* _Stored data_:
╔══

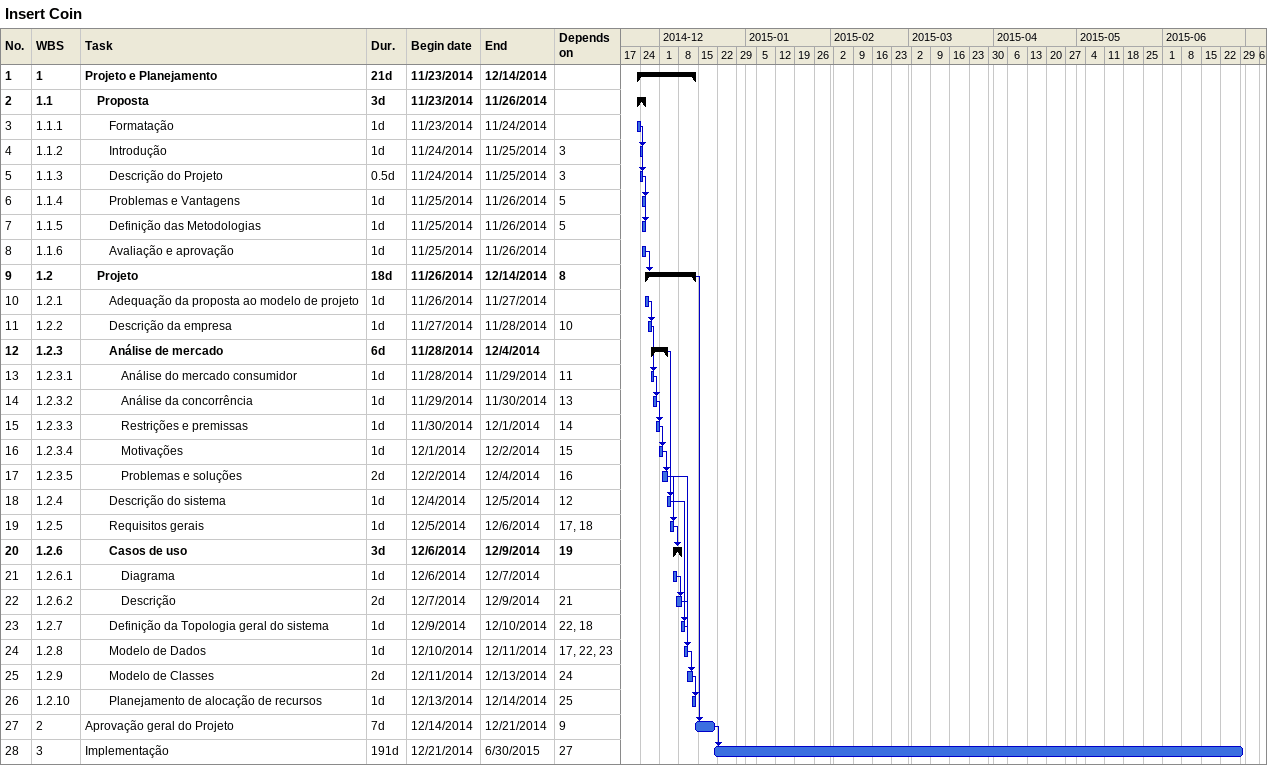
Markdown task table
Insert Coin

| ID | WBS | Task | Duration | Start | Finish | Predecessors |
|---|---|---|---|---|---|---|
| 1 | 1 | **Projeto e Planejamento** | 21d | 2014-11-23 | 2014-12-14 |  |
| 2 | 1.1 | **Proposta** | 3d | 2014-11-23 | 2014-11-26 |  |
| 3 | 1.1.1 | Formatação | 1d | 2014-11-23 | 2014-11-24 |  |
| 4 | 1.1.2 | Introdução | 1d | 2014-11-24 | 2014-11-25 | 3 |
| 5 | 1.1.3 | Descrição do Projeto | 0.5d | 2014-11-24 | 2014-11-25 | 3 |
| 6 | 1.1.4 | Problemas e Vantagens | 1d | 2014-11-25 | 2014-11-26 | 5 |
| 7 | 1.1.5 | Definição das Metodologias | 1d | 2014-11-25 | 2014-11-26 | 5 |
| 8 | 1.1.6 | Avaliação e aprovação | 1d | 2014-11-25 | 2014-11-26 |  |
| 9 | 1.2 | **Projeto** | 18d | 2014-11-26 | 2014-12-14 | 8 |
| 10 | 1.2.1 | Adequação da proposta ao modelo de projeto | 1d | 2014-11-26 | 2014-11-27 |  |
| 11 | 1.2.2 | Descrição da empresa | 1d | 2014-11-27 | 2014-11-28 | 10 |
| 12 | 1.2.3 | **Análise de mercado** | 6d | 2014-11-28 | 2014-12-04 |  |
| 13 | 1.2.3.1 | Análise do mercado consumidor | 1d | 2014-11-28 | 2014-11-29 | 11 |
| 14 | 1.2.3.2 | Análise da concorrência | 1d | 2014-11-29 | 2014-11-30 | 13 |
| 15 | 1.2.3.3 | Restrições e premissas | 1d | 2014-11-30 | 2014-12-01 | 14 |
| 16 | 1.2.3.4 | Motivações | 1d | 2014-12-01 | 2014-12-02 | 15 |
| 17 | 1.2.3.5 | Problemas e soluções | 2d | 2014-12-02 | 2014-12-04 | 16 |
| 18 | 1.2.4 | Descrição do sistema | 1d | 2014-12-04 | 2014-12-05 | 12 |
| 19 | 1.2.5 | Requisitos gerais | 1d | 2014-12-05 | 2014-12-06 | 17, 18 |
| 20 | 1.2.6 | **Casos de uso** | 3d | 2014-12-06 | 2014-12-09 | 19 |
| 21 | 1.2.6.1 | Diagrama | 1d | 2014-12-06 | 2014-12-07 |  |
| 22 | 1.2.6.2 | Descrição | 2d | 2014-12-07 | 2014-12-09 | 21 |
| 23 | 1.2.7 | Definição da Topologia geral do sistema | 1d | 2014-12-09 | 2014-12-10 | 22, 18 |
| 24 | 1.2.8 | Modelo de Dados | 1d | 2014-12-10 | 2014-12-11 | 17, 22, 23 |
| 25 | 1.2.9 | Modelo de Classes | 2d | 2014-12-11 | 2014-12-13 | 24 |
| 26 | 1.2.10 | Planejamento de alocação de recursos | 1d | 2014-12-13 | 2014-12-14 | 25 |
| 27 | 2 | Aprovação geral do Projeto | 7d | 2014-12-14 | 2014-12-21 | 9 |
| 28 | 3 | Implementação | 191d | 2014-12-21 | 2015-06-30 | 27 |
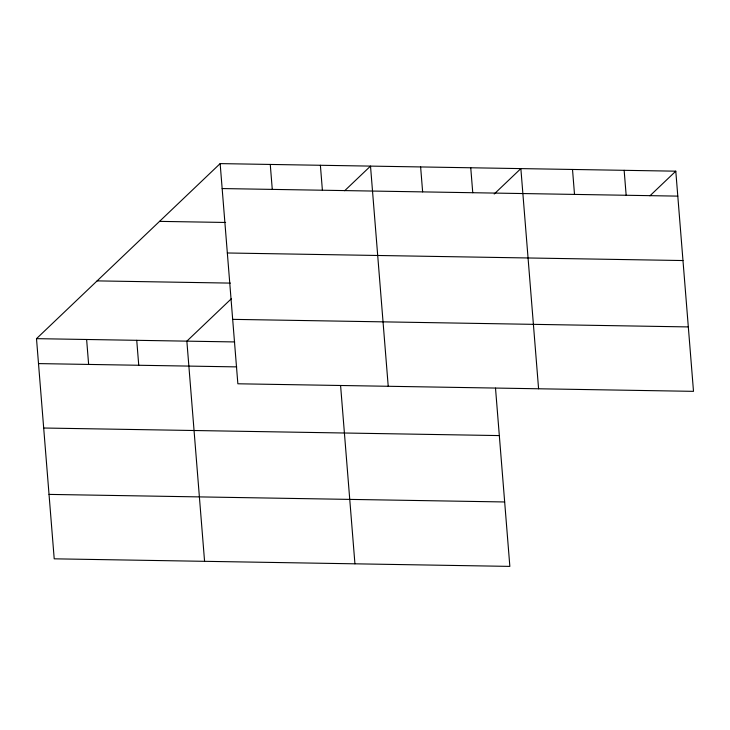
<?xml version="1.0" encoding="UTF-8"?>
<svg xmlns="http://www.w3.org/2000/svg" width="730" height="730" viewBox="0 0 730 730"><rect width="100%" height="100%" fill="white"/><g stroke="black" fill="none" stroke-linecap="round" stroke-linejoin="round"><path stroke-width="1.09" d="M495.506 388.114L509.85 566.389L54.212 558.824L36.5 338.656L220.15 163.611L675.788 171.176L693.5 391.344L237.861 383.788L220.15 163.611M231.3 298.789L186.862 341.147L204.573 561.324M344.651 190.749L370.512 166.111L388.223 386.279M494.201 194.016L520.864 168.603L538.585 388.78M649.928 195.822L675.788 171.176M222.157 188.559L677.796 196.124M159.542 221.373L225.616 222.468M227.34 252.982L682.979 260.546M97.099 280.886L230.379 283.103M232.678 319.357L688.317 326.921M36.5 338.656L234.704 341.941M38.508 363.595L236.712 366.889M43.691 428.017L499.329 435.582M49.029 494.402L504.667 501.966M624.15 170.318L626.158 195.266M572.512 169.46L574.51 194.408M470.75 167.772L472.757 192.72M420.626 166.942L422.634 191.88M340.591 385.54L354.935 563.815M320.388 165.272L322.395 190.22M270.264 164.442L272.272 189.389M136.738 340.317L138.746 365.265M86.624 339.487L88.631 364.425"/></g></svg>

╚══

* _Task brief_: The last line of the entries marks the end, and the line with "2014-12-05 | 12 |" marks the start. Output exactly those two lines and every line between them, nothing else, with the pictures left out.

* _Answer space_:
| 18 | 1.2.4 | Descrição do sistema | 1d | 2014-12-04 | 2014-12-05 | 12 |
| 19 | 1.2.5 | Requisitos gerais | 1d | 2014-12-05 | 2014-12-06 | 17, 18 |
| 20 | 1.2.6 | **Casos de uso** | 3d | 2014-12-06 | 2014-12-09 | 19 |
| 21 | 1.2.6.1 | Diagrama | 1d | 2014-12-06 | 2014-12-07 |  |
| 22 | 1.2.6.2 | Descrição | 2d | 2014-12-07 | 2014-12-09 | 21 |
| 23 | 1.2.7 | Definição da Topologia geral do sistema | 1d | 2014-12-09 | 2014-12-10 | 22, 18 |
| 24 | 1.2.8 | Modelo de Dados | 1d | 2014-12-10 | 2014-12-11 | 17, 22, 23 |
| 25 | 1.2.9 | Modelo de Classes | 2d | 2014-12-11 | 2014-12-13 | 24 |
| 26 | 1.2.10 | Planejamento de alocação de recursos | 1d | 2014-12-13 | 2014-12-14 | 25 |
| 27 | 2 | Aprovação geral do Projeto | 7d | 2014-12-14 | 2014-12-21 | 9 |
| 28 | 3 | Implementação | 191d | 2014-12-21 | 2015-06-30 | 27 |
<?xml version="1.0" encoding="UTF-8"?>
<svg xmlns="http://www.w3.org/2000/svg" width="730" height="730" viewBox="0 0 730 730"><rect width="100%" height="100%" fill="white"/><g stroke="black" fill="none" stroke-linecap="round" stroke-linejoin="round"><path stroke-width="1.09" d="M495.506 388.114L509.85 566.389L54.212 558.824L36.5 338.656L220.15 163.611L675.788 171.176L693.5 391.344L237.861 383.788L220.15 163.611M231.3 298.789L186.862 341.147L204.573 561.324M344.651 190.749L370.512 166.111L388.223 386.279M494.201 194.016L520.864 168.603L538.585 388.78M649.928 195.822L675.788 171.176M222.157 188.559L677.796 196.124M159.542 221.373L225.616 222.468M227.34 252.982L682.979 260.546M97.099 280.886L230.379 283.103M232.678 319.357L688.317 326.921M36.5 338.656L234.704 341.941M38.508 363.595L236.712 366.889M43.691 428.017L499.329 435.582M49.029 494.402L504.667 501.966M624.15 170.318L626.158 195.266M572.512 169.46L574.51 194.408M470.75 167.772L472.757 192.72M420.626 166.942L422.634 191.88M340.591 385.54L354.935 563.815M320.388 165.272L322.395 190.22M270.264 164.442L272.272 189.389M136.738 340.317L138.746 365.265M86.624 339.487L88.631 364.425"/></g></svg>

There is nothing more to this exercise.